Recorded data
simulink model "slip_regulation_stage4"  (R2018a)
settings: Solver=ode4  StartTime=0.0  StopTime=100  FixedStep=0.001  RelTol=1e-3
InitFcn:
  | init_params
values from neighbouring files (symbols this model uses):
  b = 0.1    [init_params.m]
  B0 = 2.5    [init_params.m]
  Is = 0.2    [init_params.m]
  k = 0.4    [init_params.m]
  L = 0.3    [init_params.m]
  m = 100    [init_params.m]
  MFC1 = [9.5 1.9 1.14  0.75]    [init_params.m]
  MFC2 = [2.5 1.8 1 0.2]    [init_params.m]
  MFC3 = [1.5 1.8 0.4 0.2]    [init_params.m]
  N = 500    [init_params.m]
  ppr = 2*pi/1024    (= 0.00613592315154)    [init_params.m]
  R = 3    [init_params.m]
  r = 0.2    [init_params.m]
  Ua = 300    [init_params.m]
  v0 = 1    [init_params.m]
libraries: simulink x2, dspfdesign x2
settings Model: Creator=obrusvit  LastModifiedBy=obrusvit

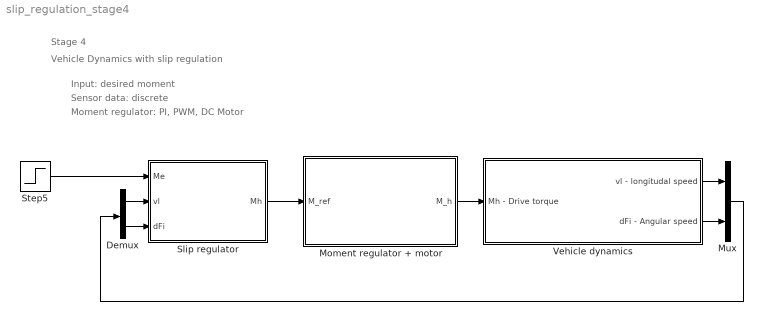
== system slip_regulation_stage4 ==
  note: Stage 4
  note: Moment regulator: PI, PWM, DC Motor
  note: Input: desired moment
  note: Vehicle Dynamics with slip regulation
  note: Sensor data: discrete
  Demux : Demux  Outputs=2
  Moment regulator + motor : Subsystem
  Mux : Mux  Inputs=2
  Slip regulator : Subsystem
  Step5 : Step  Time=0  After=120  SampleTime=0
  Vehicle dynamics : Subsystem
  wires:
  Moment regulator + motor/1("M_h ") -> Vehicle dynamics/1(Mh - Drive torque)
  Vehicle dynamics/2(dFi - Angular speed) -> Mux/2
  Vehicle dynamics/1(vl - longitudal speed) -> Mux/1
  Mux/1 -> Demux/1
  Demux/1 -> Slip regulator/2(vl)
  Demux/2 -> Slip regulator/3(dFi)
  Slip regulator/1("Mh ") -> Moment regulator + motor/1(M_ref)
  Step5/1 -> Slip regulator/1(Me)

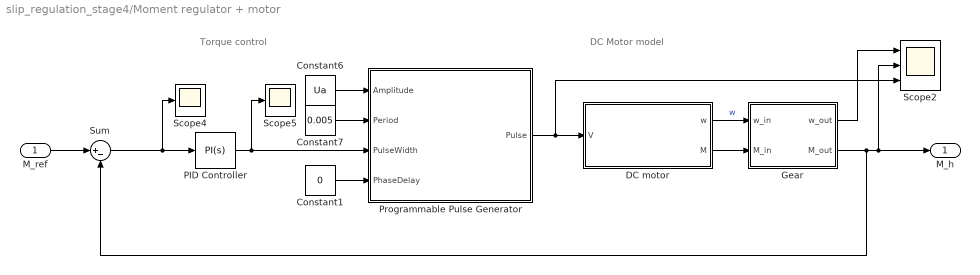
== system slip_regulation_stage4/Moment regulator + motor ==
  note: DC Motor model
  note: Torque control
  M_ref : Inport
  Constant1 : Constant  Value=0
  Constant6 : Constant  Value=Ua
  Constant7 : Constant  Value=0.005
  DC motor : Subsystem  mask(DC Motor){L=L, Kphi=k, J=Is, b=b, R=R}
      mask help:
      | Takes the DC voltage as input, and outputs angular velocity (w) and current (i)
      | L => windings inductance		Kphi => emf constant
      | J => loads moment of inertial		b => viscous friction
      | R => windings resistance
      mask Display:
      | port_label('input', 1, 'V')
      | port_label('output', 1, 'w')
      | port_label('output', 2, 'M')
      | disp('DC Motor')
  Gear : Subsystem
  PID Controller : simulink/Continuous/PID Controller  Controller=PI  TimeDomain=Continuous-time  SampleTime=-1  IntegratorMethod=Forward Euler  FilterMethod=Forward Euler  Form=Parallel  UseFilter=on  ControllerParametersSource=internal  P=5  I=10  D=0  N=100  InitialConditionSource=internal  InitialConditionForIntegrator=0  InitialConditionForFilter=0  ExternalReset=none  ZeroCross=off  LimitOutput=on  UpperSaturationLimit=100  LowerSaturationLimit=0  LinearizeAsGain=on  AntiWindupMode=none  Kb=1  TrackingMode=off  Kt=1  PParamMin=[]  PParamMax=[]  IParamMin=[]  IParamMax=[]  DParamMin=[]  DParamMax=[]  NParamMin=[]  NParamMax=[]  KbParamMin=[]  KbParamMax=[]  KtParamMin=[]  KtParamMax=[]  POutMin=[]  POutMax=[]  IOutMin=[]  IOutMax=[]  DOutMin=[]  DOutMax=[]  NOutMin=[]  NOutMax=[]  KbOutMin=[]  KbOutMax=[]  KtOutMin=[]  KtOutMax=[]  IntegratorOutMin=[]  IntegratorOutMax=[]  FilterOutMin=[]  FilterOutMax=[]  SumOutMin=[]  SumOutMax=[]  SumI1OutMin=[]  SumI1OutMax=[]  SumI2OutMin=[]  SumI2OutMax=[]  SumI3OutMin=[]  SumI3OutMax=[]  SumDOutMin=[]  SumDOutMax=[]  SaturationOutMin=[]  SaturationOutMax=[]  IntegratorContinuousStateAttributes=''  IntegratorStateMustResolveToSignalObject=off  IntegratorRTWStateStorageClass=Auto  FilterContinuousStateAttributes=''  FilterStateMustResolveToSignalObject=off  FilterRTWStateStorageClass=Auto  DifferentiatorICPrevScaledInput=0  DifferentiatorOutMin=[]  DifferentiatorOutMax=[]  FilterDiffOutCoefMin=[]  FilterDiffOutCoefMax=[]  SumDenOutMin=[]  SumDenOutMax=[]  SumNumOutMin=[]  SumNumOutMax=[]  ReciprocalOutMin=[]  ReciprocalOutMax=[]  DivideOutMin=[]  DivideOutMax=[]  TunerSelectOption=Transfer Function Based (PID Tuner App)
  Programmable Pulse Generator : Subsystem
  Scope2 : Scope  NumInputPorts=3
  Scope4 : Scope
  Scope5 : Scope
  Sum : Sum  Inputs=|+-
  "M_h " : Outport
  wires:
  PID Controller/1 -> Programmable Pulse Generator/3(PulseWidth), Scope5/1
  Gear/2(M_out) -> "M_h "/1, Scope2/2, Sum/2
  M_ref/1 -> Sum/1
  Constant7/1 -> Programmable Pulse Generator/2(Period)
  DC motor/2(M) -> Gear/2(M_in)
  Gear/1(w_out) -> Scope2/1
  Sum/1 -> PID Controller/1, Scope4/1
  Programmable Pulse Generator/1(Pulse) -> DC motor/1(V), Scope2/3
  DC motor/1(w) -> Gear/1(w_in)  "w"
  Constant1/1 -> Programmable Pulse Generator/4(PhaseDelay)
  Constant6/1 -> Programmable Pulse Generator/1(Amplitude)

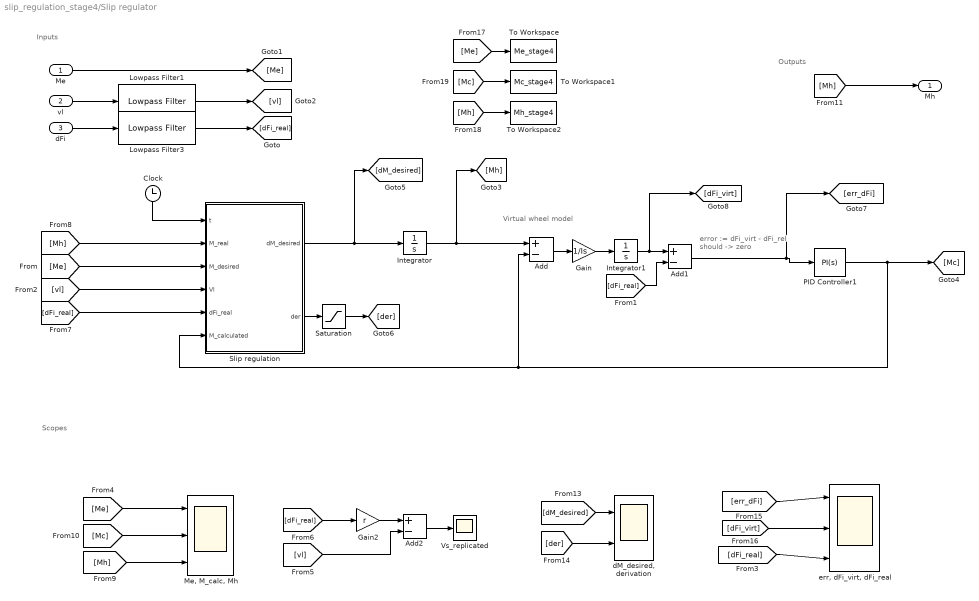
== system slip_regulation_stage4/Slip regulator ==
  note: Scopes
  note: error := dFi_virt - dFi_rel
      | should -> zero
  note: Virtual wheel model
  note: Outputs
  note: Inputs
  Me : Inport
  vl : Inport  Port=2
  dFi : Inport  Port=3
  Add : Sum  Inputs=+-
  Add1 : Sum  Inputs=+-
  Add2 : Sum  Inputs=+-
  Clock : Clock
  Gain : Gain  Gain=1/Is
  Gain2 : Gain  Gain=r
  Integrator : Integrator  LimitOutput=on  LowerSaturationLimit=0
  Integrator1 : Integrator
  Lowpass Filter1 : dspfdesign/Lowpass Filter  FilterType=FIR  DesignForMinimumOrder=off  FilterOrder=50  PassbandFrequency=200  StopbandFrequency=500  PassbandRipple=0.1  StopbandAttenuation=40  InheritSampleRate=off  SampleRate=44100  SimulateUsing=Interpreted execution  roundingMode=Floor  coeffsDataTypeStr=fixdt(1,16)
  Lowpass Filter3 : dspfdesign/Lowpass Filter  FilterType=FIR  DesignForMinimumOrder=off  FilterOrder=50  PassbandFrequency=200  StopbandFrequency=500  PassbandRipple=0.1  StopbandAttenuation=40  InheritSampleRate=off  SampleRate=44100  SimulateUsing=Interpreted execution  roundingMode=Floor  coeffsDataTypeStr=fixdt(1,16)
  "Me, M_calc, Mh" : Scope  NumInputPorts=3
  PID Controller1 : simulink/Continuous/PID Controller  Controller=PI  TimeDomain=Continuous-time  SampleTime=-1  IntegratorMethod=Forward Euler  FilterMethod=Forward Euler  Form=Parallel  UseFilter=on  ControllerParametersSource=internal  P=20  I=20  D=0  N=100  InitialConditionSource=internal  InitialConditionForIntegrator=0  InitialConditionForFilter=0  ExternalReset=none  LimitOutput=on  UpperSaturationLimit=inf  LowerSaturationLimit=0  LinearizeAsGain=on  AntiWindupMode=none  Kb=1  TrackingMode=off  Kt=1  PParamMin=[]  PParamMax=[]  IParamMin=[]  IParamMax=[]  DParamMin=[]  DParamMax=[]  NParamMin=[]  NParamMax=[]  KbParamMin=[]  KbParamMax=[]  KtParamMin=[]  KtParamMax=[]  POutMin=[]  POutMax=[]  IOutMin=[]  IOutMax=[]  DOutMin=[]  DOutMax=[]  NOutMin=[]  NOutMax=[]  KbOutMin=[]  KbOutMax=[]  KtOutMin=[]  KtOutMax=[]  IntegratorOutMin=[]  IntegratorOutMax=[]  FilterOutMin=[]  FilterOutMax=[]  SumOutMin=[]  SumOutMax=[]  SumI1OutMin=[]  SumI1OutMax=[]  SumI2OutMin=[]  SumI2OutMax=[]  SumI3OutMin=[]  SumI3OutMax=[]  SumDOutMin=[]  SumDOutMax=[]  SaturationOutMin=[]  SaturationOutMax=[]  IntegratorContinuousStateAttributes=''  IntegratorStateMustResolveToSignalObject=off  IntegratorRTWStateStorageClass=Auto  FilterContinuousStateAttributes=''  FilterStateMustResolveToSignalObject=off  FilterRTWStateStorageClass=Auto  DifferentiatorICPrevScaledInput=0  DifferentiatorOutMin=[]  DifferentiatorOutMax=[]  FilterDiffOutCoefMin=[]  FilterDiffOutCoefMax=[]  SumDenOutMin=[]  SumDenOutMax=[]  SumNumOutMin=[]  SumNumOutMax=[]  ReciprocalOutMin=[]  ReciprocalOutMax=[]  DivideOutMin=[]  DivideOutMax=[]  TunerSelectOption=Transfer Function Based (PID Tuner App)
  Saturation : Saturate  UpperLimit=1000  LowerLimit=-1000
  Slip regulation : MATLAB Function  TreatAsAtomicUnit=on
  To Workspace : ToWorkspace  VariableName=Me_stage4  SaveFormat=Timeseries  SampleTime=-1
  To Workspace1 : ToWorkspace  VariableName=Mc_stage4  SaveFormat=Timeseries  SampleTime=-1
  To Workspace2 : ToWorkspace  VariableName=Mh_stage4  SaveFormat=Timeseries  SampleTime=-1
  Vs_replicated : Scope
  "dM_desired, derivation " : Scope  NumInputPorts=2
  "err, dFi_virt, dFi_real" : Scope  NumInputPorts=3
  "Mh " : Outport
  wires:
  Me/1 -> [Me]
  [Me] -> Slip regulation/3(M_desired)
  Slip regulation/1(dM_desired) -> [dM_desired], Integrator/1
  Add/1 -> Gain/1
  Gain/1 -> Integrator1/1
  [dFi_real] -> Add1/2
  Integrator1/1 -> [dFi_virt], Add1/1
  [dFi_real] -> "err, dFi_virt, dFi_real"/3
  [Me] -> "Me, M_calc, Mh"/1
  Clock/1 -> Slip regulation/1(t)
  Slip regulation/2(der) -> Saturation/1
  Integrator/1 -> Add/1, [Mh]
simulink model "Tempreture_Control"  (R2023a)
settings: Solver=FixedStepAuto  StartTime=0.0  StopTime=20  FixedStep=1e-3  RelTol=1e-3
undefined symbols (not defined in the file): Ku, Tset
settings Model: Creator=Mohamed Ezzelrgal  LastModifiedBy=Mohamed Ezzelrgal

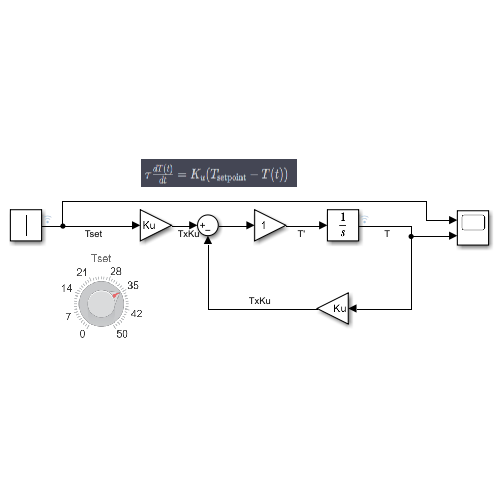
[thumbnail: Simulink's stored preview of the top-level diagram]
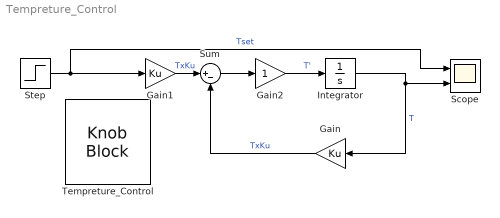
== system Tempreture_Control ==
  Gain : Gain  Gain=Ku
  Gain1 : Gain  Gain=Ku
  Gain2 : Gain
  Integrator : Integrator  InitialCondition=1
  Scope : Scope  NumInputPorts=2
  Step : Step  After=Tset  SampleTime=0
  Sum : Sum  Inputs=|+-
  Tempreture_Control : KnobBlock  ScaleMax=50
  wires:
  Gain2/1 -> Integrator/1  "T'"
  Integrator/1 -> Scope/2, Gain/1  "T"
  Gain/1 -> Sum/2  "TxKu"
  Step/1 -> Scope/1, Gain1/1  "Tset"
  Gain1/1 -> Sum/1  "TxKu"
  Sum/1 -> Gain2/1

WHAT IS BEING ASKED - Answer with one number only: how many lines in the data contain the word "Gear"?

OUTPUT OF THE TASK - 5